Ai, meu Deus! Ao se dar conta, Ginevra ficou pasma. Só uma tola não teria percebido, pensou ao fitar os olhos míopes e em estado de adoração de Terry. Uma tola, acrescentou, tão envolvida com os próprios problemas que não percebeu o que acontecia debaixo de seu nariz. Precisava ser cautelosa, decidiu. Muito cautelosa.


- Terry... – começou. – Você é um amor.


Foi o suficiente para a mão do rapaz tremer e derrubar café na camisa. Movendo-se com agilidade, Ginevra mudou a cadeira de lugar para ficar ao lado dele. Pegou guardanapos de papel e começou a limpar a mancha.


- Ainda bem que nunca servem café quente neste lugar. Se lavar com água fria logo, a mancha vai sair.


Emocionado, Terry agarrou-lhe as mãos. Como ela estava perto, o perfume de seus cabelos o deixou tonto.


- Eu amo você. – confessou e o demonstrou beijando-a.


Os óculos escorregaram pelo nariz. Ginevra sentiu os lábios frios e trêmulos tocarem seu rosto. Com pena do rapaz, decidiu que agir com cautela não seria a atitude apropriada. Precisava de firmeza e rápido.


- Não, você não me ama. – A voz era severa e ela se afastou para limpar a sujeira na mesa.


- Eu não a amo? – A resposta o desconcertou. Nada se assemelhava às fantasias tecidas. Numa delas, ele a salvava de um caminhão desgovernado. Noutra, ele tocava a música que compunha em sua homenagem e ela atirava-se em seus braços aos prantos, apaixonada. Sua imaginação não chegara ao ponto de vê-la limpar café e dizer-lhe calmamente que ele não a amava. - Sim, eu amo você. – Ele voltou a tomar-lhe a mão.


- Isso é ridículo. – disse e sorriu para atenuar a crueza das palavras. – Você gosta de mim e eu também gosto de você.


- Não, é bem mais do que isso. Eu...


- Está bem. Por que você me ama?


- Porque você é linda. – conseguiu dizer, perdendo o controle ao voltar a encará-la. – Você é a mulher mais linda que já conheci.

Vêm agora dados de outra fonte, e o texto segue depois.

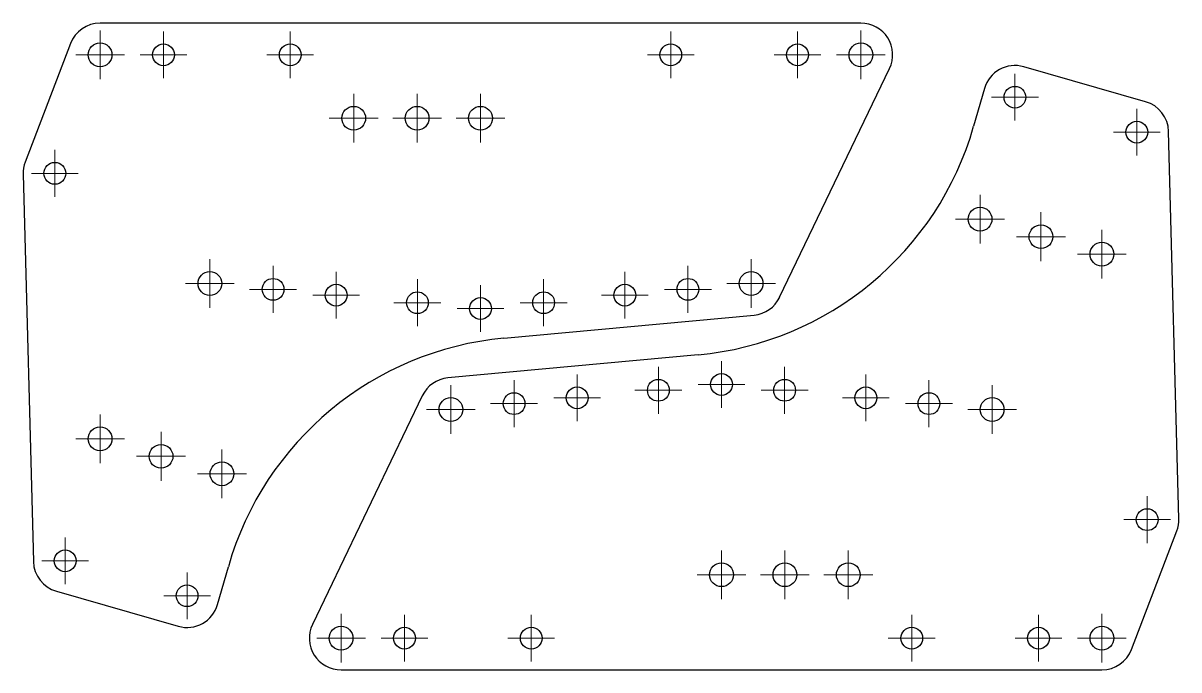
# Model space of a CAD drawing. Header units: inches. Extents: x 0 to 23.9, y 0 to 11.4.
# Drawn here: x 0.5 to 9.62, y 5.58 to 10.68 of the extents above; entities that cross this region are included whole.
import ezdxf

# ---------------------------------------------------------------- set-up
doc = ezdxf.new("R2010")
doc.units = ezdxf.units.IN
doc.header["$MEASUREMENT"] = 0

# ---------------------------------------------------------------- blocks, each defined once
blk = doc.blocks.new('SW_CENTERMARKSYMBOL_58')
at = {"color": 0, "linetype": 'Continuous', "lineweight": 18}
for p, q in [((0, 0.0984), (0, 0.1922)), ((0, 0), (0, 0.0984)), ((-0.0984, 0), (-0.1922, 0)), ((0, 0), (-0.0984, 0)), ((0, 0), (0, -0.0984)), ((0, 0), (0.0984, 0)), ((0.0984, 0), (0.1922, 0)), ((0, -0.0984), (0, -0.1922))]:
    blk.add_line(p, q, dxfattribs=at)
blk = doc.blocks.new('SW_CENTERMARKSYMBOL_59')
at = {"color": 0, "linetype": 'Continuous', "lineweight": 18}
for p, q in [((0, 0.0984), (0, 0.1922)), ((0, 0), (0, 0.0984)), ((-0.0984, 0), (-0.1922, 0)), ((0, 0), (-0.0984, 0)), ((0, 0), (0, -0.0984)), ((0, 0), (0.0984, 0)), ((0.0984, 0), (0.1922, 0)), ((0, -0.0984), (0, -0.1922))]:
    blk.add_line(p, q, dxfattribs=at)
blk = doc.blocks.new('SW_CENTERMARKSYMBOL_60')
at = {"color": 0, "linetype": 'Continuous', "lineweight": 18}
for p, q in [((0, 0.0984), (0, 0.1922)), ((0, 0), (0, 0.0984)), ((-0.0984, 0), (-0.1922, 0)), ((0, 0), (-0.0984, 0)), ((0, 0), (0, -0.0984)), ((0, 0), (0.0984, 0)), ((0.0984, 0), (0.1922, 0)), ((0, -0.0984), (0, -0.1922))]:
    blk.add_line(p, q, dxfattribs=at)
blk = doc.blocks.new('SW_CENTERMARKSYMBOL_61')
at = {"color": 0, "linetype": 'Continuous', "lineweight": 18}
for p, q in [((0, 0.0984), (0, 0.1844)), ((0, 0), (0, 0.0984)), ((-0.0984, 0), (-0.1844, 0)), ((0, 0), (-0.0984, 0)), ((0, 0), (0, -0.0984)), ((0, 0), (0.0984, 0)), ((0.0984, 0), (0.1844, 0)), ((0, -0.0984), (0, -0.1844))]:
    blk.add_line(p, q, dxfattribs=at)
blk = doc.blocks.new('SW_CENTERMARKSYMBOL_62')
at = {"color": 0, "linetype": 'Continuous', "lineweight": 18}
for p, q in [((0, 0.0984), (0, 0.1844)), ((0, 0), (0, 0.0984)), ((-0.0984, 0), (-0.1844, 0)), ((0, 0), (-0.0984, 0)), ((0, 0), (0, -0.0984)), ((0, 0), (0.0984, 0)), ((0.0984, 0), (0.1844, 0)), ((0, -0.0984), (0, -0.1844))]:
    blk.add_line(p, q, dxfattribs=at)
blk = doc.blocks.new('SW_CENTERMARKSYMBOL_63')
at = {"color": 0, "linetype": 'Continuous', "lineweight": 18}
for p, q in [((0, 0.0984), (0, 0.1844)), ((0, 0), (0, 0.0984)), ((-0.0984, 0), (-0.1844, 0)), ((0, 0), (-0.0984, 0)), ((0, 0), (0, -0.0984)), ((0, 0), (0.0984, 0)), ((0.0984, 0), (0.1844, 0)), ((0, -0.0984), (0, -0.1844))]:
    blk.add_line(p, q, dxfattribs=at)
blk = doc.blocks.new('SW_CENTERMARKSYMBOL_64')
at = {"color": 0, "linetype": 'Continuous', "lineweight": 18}
for p, q in [((0, 0.0984), (0, 0.1922)), ((0, 0), (0, 0.0984)), ((-0.0984, 0), (-0.1922, 0)), ((0, 0), (-0.0984, 0)), ((0, 0), (0, -0.0984)), ((0, 0), (0.0984, 0)), ((0.0984, 0), (0.1922, 0)), ((0, -0.0984), (0, -0.1922))]:
    blk.add_line(p, q, dxfattribs=at)
blk = doc.blocks.new('SW_CENTERMARKSYMBOL_65')
at = {"color": 0, "linetype": 'Continuous', "lineweight": 18}
for p, q in [((0, 0.0984), (0, 0.1922)), ((0, 0), (0, 0.0984)), ((-0.0984, 0), (-0.1922, 0)), ((0, 0), (-0.0984, 0)), ((0, 0), (0, -0.0984)), ((0, 0), (0.0984, 0)), ((0.0984, 0), (0.1922, 0)), ((0, -0.0984), (0, -0.1922))]:
    blk.add_line(p, q, dxfattribs=at)
blk = doc.blocks.new('SW_CENTERMARKSYMBOL_66')
at = {"color": 0, "linetype": 'Continuous', "lineweight": 18}
for p, q in [((0, 0.0984), (0, 0.1844)), ((0, 0), (0, 0.0984)), ((-0.0984, 0), (-0.1844, 0)), ((0, 0), (-0.0984, 0)), ((0, 0), (0, -0.0984)), ((0, 0), (0.0984, 0)), ((0.0984, 0), (0.1844, 0)), ((0, -0.0984), (0, -0.1844))]:
    blk.add_line(p, q, dxfattribs=at)
blk = doc.blocks.new('SW_CENTERMARKSYMBOL_67')
at = {"color": 0, "linetype": 'Continuous', "lineweight": 18}
for p, q in [((0, 0.0984), (0, 0.1844)), ((0, 0), (0, 0.0984)), ((-0.0984, 0), (-0.1844, 0)), ((0, 0), (-0.0984, 0)), ((0, 0), (0, -0.0984)), ((0, 0), (0.0984, 0)), ((0.0984, 0), (0.1844, 0)), ((0, -0.0984), (0, -0.1844))]:
    blk.add_line(p, q, dxfattribs=at)
blk = doc.blocks.new('SW_CENTERMARKSYMBOL_68')
at = {"color": 0, "linetype": 'Continuous', "lineweight": 18}
for p, q in [((0, 0.0984), (0, 0.1844)), ((0, 0), (0, 0.0984)), ((-0.0984, 0), (-0.1844, 0)), ((0, 0), (-0.0984, 0)), ((0, 0), (0, -0.0984)), ((0, 0), (0.0984, 0)), ((0.0984, 0), (0.1844, 0)), ((0, -0.0984), (0, -0.1844))]:
    blk.add_line(p, q, dxfattribs=at)
blk = doc.blocks.new('SW_CENTERMARKSYMBOL_69')
at = {"color": 0, "linetype": 'Continuous', "lineweight": 18}
for p, q in [((0, 0.0984), (0, 0.1844)), ((0, 0), (0, 0.0984)), ((-0.0984, 0), (-0.1844, 0)), ((0, 0), (-0.0984, 0)), ((0, 0), (0, -0.0984)), ((0, 0), (0.0984, 0)), ((0.0984, 0), (0.1844, 0)), ((0, -0.0984), (0, -0.1844))]:
    blk.add_line(p, q, dxfattribs=at)
blk = doc.blocks.new('SW_CENTERMARKSYMBOL_70')
at = {"color": 0, "linetype": 'Continuous', "lineweight": 18}
for p, q in [((0, 0.0984), (0, 0.1844)), ((0, 0), (0, 0.0984)), ((-0.0984, 0), (-0.1844, 0)), ((0, 0), (-0.0984, 0)), ((0, 0), (0, -0.0984)), ((0, 0), (0.0984, 0)), ((0.0984, 0), (0.1844, 0)), ((0, -0.0984), (0, -0.1844))]:
    blk.add_line(p, q, dxfattribs=at)
blk = doc.blocks.new('SW_CENTERMARKSYMBOL_71')
at = {"color": 0, "linetype": 'Continuous', "lineweight": 18}
for p, q in [((0, 0.0984), (0, 0.1844)), ((0, 0), (0, 0.0984)), ((-0.0984, 0), (-0.1844, 0)), ((0, 0), (-0.0984, 0)), ((0, 0), (0, -0.0984)), ((0, 0), (0.0984, 0)), ((0.0984, 0), (0.1844, 0)), ((0, -0.0984), (0, -0.1844))]:
    blk.add_line(p, q, dxfattribs=at)
blk = doc.blocks.new('SW_CENTERMARKSYMBOL_72')
at = {"color": 0, "linetype": 'Continuous', "lineweight": 18}
for p, q in [((0, 0.0984), (0, 0.1844)), ((0, 0), (0, 0.0984)), ((-0.0984, 0), (-0.1844, 0)), ((0, 0), (-0.0984, 0)), ((0, 0), (0, -0.0984)), ((0, 0), (0.0984, 0)), ((0.0984, 0), (0.1844, 0)), ((0, -0.0984), (0, -0.1844))]:
    blk.add_line(p, q, dxfattribs=at)
blk = doc.blocks.new('SW_CENTERMARKSYMBOL_73')
at = {"color": 0, "linetype": 'Continuous', "lineweight": 18}
for p, q in [((0, 0.0984), (0, 0.1922)), ((0, 0), (0, 0.0984)), ((-0.0984, 0), (-0.1922, 0)), ((0, 0), (-0.0984, 0)), ((0, 0), (0, -0.0984)), ((0, 0), (0.0984, 0)), ((0.0984, 0), (0.1922, 0)), ((0, -0.0984), (0, -0.1922))]:
    blk.add_line(p, q, dxfattribs=at)
blk = doc.blocks.new('SW_CENTERMARKSYMBOL_74')
at = {"color": 0, "linetype": 'Continuous', "lineweight": 18}
for p, q in [((0, 0.0984), (0, 0.1922)), ((0, 0), (0, 0.0984)), ((-0.0984, 0), (-0.1922, 0)), ((0, 0), (-0.0984, 0)), ((0, 0), (0, -0.0984)), ((0, 0), (0.0984, 0)), ((0.0984, 0), (0.1922, 0)), ((0, -0.0984), (0, -0.1922))]:
    blk.add_line(p, q, dxfattribs=at)
blk = doc.blocks.new('SW_CENTERMARKSYMBOL_75')
at = {"color": 0, "linetype": 'Continuous', "lineweight": 18}
for p, q in [((0, 0.0984), (0, 0.1922)), ((0, 0), (0, 0.0984)), ((-0.0984, 0), (-0.1922, 0)), ((0, 0), (-0.0984, 0)), ((0, 0), (0, -0.0984)), ((0, 0), (0.0984, 0)), ((0.0984, 0), (0.1922, 0)), ((0, -0.0984), (0, -0.1922))]:
    blk.add_line(p, q, dxfattribs=at)
blk = doc.blocks.new('SW_CENTERMARKSYMBOL_76')
at = {"color": 0, "linetype": 'Continuous', "lineweight": 18}
for p, q in [((0, 0.0984), (0, 0.1844)), ((0, 0), (0, 0.0984)), ((-0.0984, 0), (-0.1844, 0)), ((0, 0), (-0.0984, 0)), ((0, 0), (0, -0.0984)), ((0, 0), (0.0984, 0)), ((0.0984, 0), (0.1844, 0)), ((0, -0.0984), (0, -0.1844))]:
    blk.add_line(p, q, dxfattribs=at)
blk = doc.blocks.new('SW_CENTERMARKSYMBOL_77')
at = {"color": 0, "linetype": 'Continuous', "lineweight": 18}
for p, q in [((0, 0.0984), (0, 0.1844)), ((0, 0), (0, 0.0984)), ((-0.0984, 0), (-0.1844, 0)), ((0, 0), (-0.0984, 0)), ((0, 0), (0, -0.0984)), ((0, 0), (0.0984, 0)), ((0.0984, 0), (0.1844, 0)), ((0, -0.0984), (0, -0.1844))]:
    blk.add_line(p, q, dxfattribs=at)
blk = doc.blocks.new('SW_CENTERMARKSYMBOL_78')
at = {"color": 0, "linetype": 'Continuous', "lineweight": 18}
for p, q in [((0, 0.0984), (0, 0.1922)), ((0, 0), (0, 0.0984)), ((-0.0984, 0), (-0.1922, 0)), ((0, 0), (-0.0984, 0)), ((0, 0), (0, -0.0984)), ((0, 0), (0.0984, 0)), ((0.0984, 0), (0.1922, 0)), ((0, -0.0984), (0, -0.1922))]:
    blk.add_line(p, q, dxfattribs=at)
blk = doc.blocks.new('SW_CENTERMARKSYMBOL_79')
at = {"color": 0, "linetype": 'Continuous', "lineweight": 18}
for p, q in [((0, 0.0984), (0, 0.1922)), ((0, 0), (0, 0.0984)), ((-0.0984, 0), (-0.1922, 0)), ((0, 0), (-0.0984, 0)), ((0, 0), (0, -0.0984)), ((0, 0), (0.0984, 0)), ((0.0984, 0), (0.1922, 0)), ((0, -0.0984), (0, -0.1922))]:
    blk.add_line(p, q, dxfattribs=at)
blk = doc.blocks.new('SW_CENTERMARKSYMBOL_80')
at = {"color": 0, "linetype": 'Continuous', "lineweight": 18}
for p, q in [((0, 0.0984), (0, 0.1844)), ((0, 0), (0, 0.0984)), ((-0.0984, 0), (-0.1844, 0)), ((0, 0), (-0.0984, 0)), ((0, 0), (0, -0.0984)), ((0, 0), (0.0984, 0)), ((0.0984, 0), (0.1844, 0)), ((0, -0.0984), (0, -0.1844))]:
    blk.add_line(p, q, dxfattribs=at)
blk = doc.blocks.new('SW_CENTERMARKSYMBOL_81')
at = {"color": 0, "linetype": 'Continuous', "lineweight": 18}
for p, q in [((0, 0.0984), (0, 0.1844)), ((0, 0), (0, 0.0984)), ((-0.0984, 0), (-0.1844, 0)), ((0, 0), (-0.0984, 0)), ((0, 0), (0, -0.0984)), ((0, 0), (0.0984, 0)), ((0.0984, 0), (0.1844, 0)), ((0, -0.0984), (0, -0.1844))]:
    blk.add_line(p, q, dxfattribs=at)
blk = doc.blocks.new('SW_CENTERMARKSYMBOL_82')
at = {"color": 0, "linetype": 'Continuous', "lineweight": 18}
for p, q in [((0, 0.0984), (0, 0.1922)), ((0, 0), (0, 0.0984)), ((-0.0984, 0), (-0.1922, 0)), ((0, 0), (-0.0984, 0)), ((0, 0), (0, -0.0984)), ((0, 0), (0.0984, 0)), ((0.0984, 0), (0.1922, 0)), ((0, -0.0984), (0, -0.1922))]:
    blk.add_line(p, q, dxfattribs=at)
blk = doc.blocks.new('SW_CENTERMARKSYMBOL_83')
at = {"color": 0, "linetype": 'Continuous', "lineweight": 18}
for p, q in [((0, 0.0984), (0, 0.1922)), ((0, 0), (0, 0.0984)), ((-0.0984, 0), (-0.1922, 0)), ((0, 0), (-0.0984, 0)), ((0, 0), (0, -0.0984)), ((0, 0), (0.0984, 0)), ((0.0984, 0), (0.1922, 0)), ((0, -0.0984), (0, -0.1922))]:
    blk.add_line(p, q, dxfattribs=at)
blk = doc.blocks.new('SW_CENTERMARKSYMBOL_84')
at = {"color": 0, "linetype": 'Continuous', "lineweight": 18}
for p, q in [((0, 0.0984), (0, 0.1922)), ((0, 0), (0, 0.0984)), ((-0.0984, 0), (-0.1922, 0)), ((0, 0), (-0.0984, 0)), ((0, 0), (0, -0.0984)), ((0, 0), (0.0984, 0)), ((0.0984, 0), (0.1922, 0)), ((0, -0.0984), (0, -0.1922))]:
    blk.add_line(p, q, dxfattribs=at)
blk = doc.blocks.new('SW_CENTERMARKSYMBOL_85')
at = {"color": 0, "linetype": 'Continuous', "lineweight": 18}
for p, q in [((0, 0.0984), (0, 0.1844)), ((0, 0), (0, 0.0984)), ((-0.0984, 0), (-0.1844, 0)), ((0, 0), (-0.0984, 0)), ((0, 0), (0, -0.0984)), ((0, 0), (0.0984, 0)), ((0.0984, 0), (0.1844, 0)), ((0, -0.0984), (0, -0.1844))]:
    blk.add_line(p, q, dxfattribs=at)
blk = doc.blocks.new('SW_CENTERMARKSYMBOL_86')
at = {"color": 0, "linetype": 'Continuous', "lineweight": 18}
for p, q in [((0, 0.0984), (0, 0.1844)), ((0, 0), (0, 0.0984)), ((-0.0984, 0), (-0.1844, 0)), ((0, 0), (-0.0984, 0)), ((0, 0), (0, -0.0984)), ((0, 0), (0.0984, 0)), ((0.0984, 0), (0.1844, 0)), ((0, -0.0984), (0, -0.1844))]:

- E isso é o suficiente? – Soltando a mão, cruzou os dedos e apoiou o queixo. – E se eu dissesse que sou uma ladra? Ou que gosto de atropelar animaizinhos peludos com meu carro? Talvez eu já tenha sido casada três vezes e assassinado todos os meus maridos enquanto dormiam.


- Gina...


Ela riu, mas resistiu à tentação de afagar-lhe o rosto.


- O que quero dizer é que você não me conhece o suficiente para me amar. Se me amasse, não se importaria com minha aparência.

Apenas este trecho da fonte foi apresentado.